All told, the major tech companies have almost total control over what content does — and does not — show up when you make an internet search.
This is where Brave comes in.
Sick of Big Tech? Try Brave — a Privacy-Focused Google Alternative
Brave has two main products that replace Google’s control over your internet searches.
Source: Brave.com and Google.com
Firstly, there’s Brave Browser, available for MacOS, Windows, Linux, Android and iOS operating systems.
Brave Browser feels very similar to Google Chrome — and, as a bonus, Chrome extensions work on Brave — but Brave is faster, automatically blocks ads and trackers, and saves battery life.
If you are sick of functioning within Google’s controlled internet ecosystem (along with 64 per cent of other people), Brave Browser provides an easy, convenient and private alternative.
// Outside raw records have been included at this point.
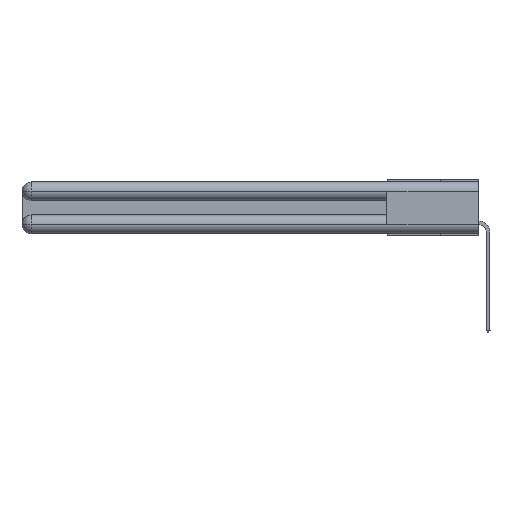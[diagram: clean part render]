
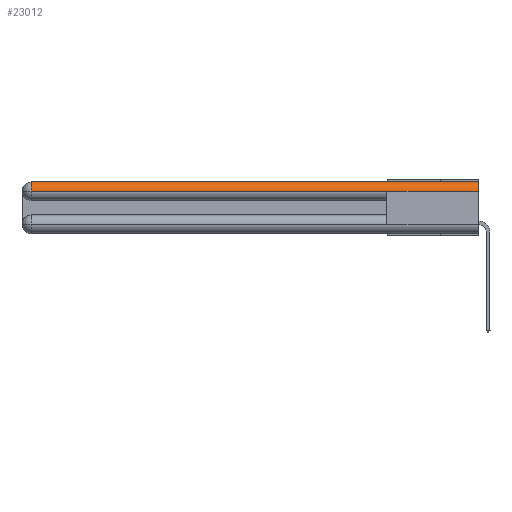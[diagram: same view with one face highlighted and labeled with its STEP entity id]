
A CAD part, left-side view. The second image highlights one B-rep face of the part: STEP entity #23012.
In plain terms, the highlighted cylindrical face has radius 1.562 mm (diameter 3.124 mm), a partial arc.
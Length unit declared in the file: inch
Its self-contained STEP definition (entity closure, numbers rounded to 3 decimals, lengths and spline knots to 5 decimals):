
#1129 = DIRECTION ( 'NONE',  ( 0., -1., 0. ) ) ;
#1163 = CARTESIAN_POINT ( 'NONE',  ( 0.0615, 2.94, 0. ) ) ;
#1997 = DIRECTION ( 'NONE',  ( 0., -1., 0. ) ) ;
#2089 = DIRECTION ( 'NONE',  ( 0., -1., 0. ) ) ;
#3484 = LINE ( 'NONE', #21102, #23382 ) ;
#4497 = DIRECTION ( 'NONE',  ( 0., -1., 0. ) ) ;
#5146 = ORIENTED_EDGE ( 'NONE', *, *, #14533, .T. ) ;
#5337 = LINE ( 'NONE', #20718, #13342 ) ;
#5390 = VERTEX_POINT ( 'NONE', #7303 ) ;
#5863 = AXIS2_PLACEMENT_3D ( 'NONE', #15681, #1997, #19912 ) ;
#7303 = CARTESIAN_POINT ( 'NONE',  ( 0., 0.6, -0.0615 ) ) ;
#7652 = VECTOR ( 'NONE', #4497, 39.37008 ) ;
#8284 = LINE ( 'NONE', #20858, #7652 ) ;
#8345 = VERTEX_POINT ( 'NONE', #1163 ) ;
#9696 = VERTEX_POINT ( 'NONE', #26174 ) ;
#9934 = EDGE_CURVE ( 'NONE', #8345, #9696, #8284, .T. ) ;
#10017 = CIRCLE ( 'NONE', #5863, 0.0615 ) ;
#11327 = CARTESIAN_POINT ( 'NONE',  ( 0.0615, 0., -0.0615 ) ) ;
#11525 = EDGE_CURVE ( 'NONE', #9696, #16195, #10017, .T. ) ;
#12086 = ORIENTED_EDGE ( 'NONE', *, *, #9934, .F. ) ;
#13254 = CARTESIAN_POINT ( 'NONE',  ( 0.0615, 2.94, -0.0615 ) ) ;
#13342 = VECTOR ( 'NONE', #2089, 39.37008 ) ;
#14082 = EDGE_CURVE ( 'NONE', #16195, #5390, #3484, .T. ) ;
#14533 = EDGE_CURVE ( 'NONE', #18675, #5390, #5337, .T. ) ;
#15681 = CARTESIAN_POINT ( 'NONE',  ( 0.0615, 0., -0.0615 ) ) ;
#16024 = AXIS2_PLACEMENT_3D ( 'NONE', #11327, #23990, #19767 ) ;
#16195 = VERTEX_POINT ( 'NONE', #24667 ) ;
#18016 = ORIENTED_EDGE ( 'NONE', *, *, #11525, .F. ) ;
#18333 = CIRCLE ( 'NONE', #22834, 0.0615 ) ;
#18415 = FACE_OUTER_BOUND ( 'NONE', #21723, .T. ) ;
#18602 = CARTESIAN_POINT ( 'NONE',  ( 0., 2.94, -0.0615 ) ) ;
#18675 = VERTEX_POINT ( 'NONE', #18602 ) ;
#19183 = DIRECTION ( 'NONE',  ( 0., 1., 0. ) ) ;
#19254 = EDGE_CURVE ( 'NONE', #8345, #18675, #18333, .T. ) ;
#19767 = DIRECTION ( 'NONE',  ( 0., 0., 1. ) ) ;
#19912 = DIRECTION ( 'NONE',  ( 1., 0., 0. ) ) ;
#20718 = CARTESIAN_POINT ( 'NONE',  ( 0., 3., -0.0615 ) ) ;
#20858 = CARTESIAN_POINT ( 'NONE',  ( 0.0615, 0., 0. ) ) ;
#21019 = CYLINDRICAL_SURFACE ( 'NONE', #16024, 0.0615 ) ;
#21102 = CARTESIAN_POINT ( 'NONE',  ( 0., 3., -0.0615 ) ) ;
#21723 = EDGE_LOOP ( 'NONE', ( #12086, #24050, #5146, #25104, #18016 ) ) ;
#22834 = AXIS2_PLACEMENT_3D ( 'NONE', #13254, #1129, #25574 ) ;
#23012 = ADVANCED_FACE ( 'NONE', ( #18415 ), #21019, .T. ) ;
#23382 = VECTOR ( 'NONE', #19183, 39.37008 ) ;
#23990 = DIRECTION ( 'NONE',  ( 0., 1., 0. ) ) ;
#24050 = ORIENTED_EDGE ( 'NONE', *, *, #19254, .T. ) ;
#24667 = CARTESIAN_POINT ( 'NONE',  ( 0., 0., -0.0615 ) ) ;
#25104 = ORIENTED_EDGE ( 'NONE', *, *, #14082, .F. ) ;
#25574 = DIRECTION ( 'NONE',  ( 0., 0., 1. ) ) ;
#26174 = CARTESIAN_POINT ( 'NONE',  ( 0.0615, 0., 0. ) ) ;

The three most popular browsers (Google Chrome, Apple’s Safari and Microsoft’s Edge) together account for 87.4 per cent of internet users. Brave Browser provides a way out.
Source: Search.Brave.com and Google.com
Secondly, Brave Search has been quickly gaining popularity as an alternative to Google Search. While all the other alternatives to Google are either owned by Big Tech or are dependent on their search indexes (Yandex and Baidu excepted), Brave has developed its own index and has built its search engine around it.
This means that the sites you see were chosen by Brave’s algorithm, not by Google, Microsoft or any other Big Tech company.
“… Brave Search operates from an independent search index. An index is the list of billions of web pages, and some basic info about those pages, that search engines draw from to deliver search results. Most search engines — even supposedly “neutral” or “private” ones — don’t do this. They’re just façades that rely exclusively on third-parties for their results. If Big Tech suddenly ceased to function, those other search operators would go offline. Brave Search, meanwhile, would stay fully operational.” (Brave FAQ).
There are some exceptions: while Brave is still developing their index, they sometimes complement their results with results from other indexes.
As Brave explains:
“… for some queries, Brave can anonymously check our search results against third-party results, and mix them on the results page. This mixing is a means-to-an-end toward 100% independence. For full transparency and to measure Brave’s progress toward that goal, Brave provides a “Results independence” metric. This anonymous calculation shows the % of search results that come from Brave versus these third parties.”
When asked whether it filters, downranks or censors search results, Brave had this response:
“No, Brave Search does not filter, downrank, or censor search results. Nor will we change our search algorithm to increase or decrease the prominence of results in response to current events or anyone’s political, religious, ethical, or other beliefs. Brave Search — like Brave itself — is intended to be a user-first portal to the web, free of Big Tech’s manipulation.”
As of December 2021, the Brave ecosystem had over 50 million monthly users and 15.5 million daily users, a huge increase from just 11 million monthly users in 2019.
For Christians concerned about the rise of Big Tech and the ability to access information without the danger of censorship, Brave provides a brilliant solution.
Founded by a man who was cancelled for his beliefs, using Brave Browser and Brave Search is a way for Christians to opt out of the controlling cancel culture of Big Tech.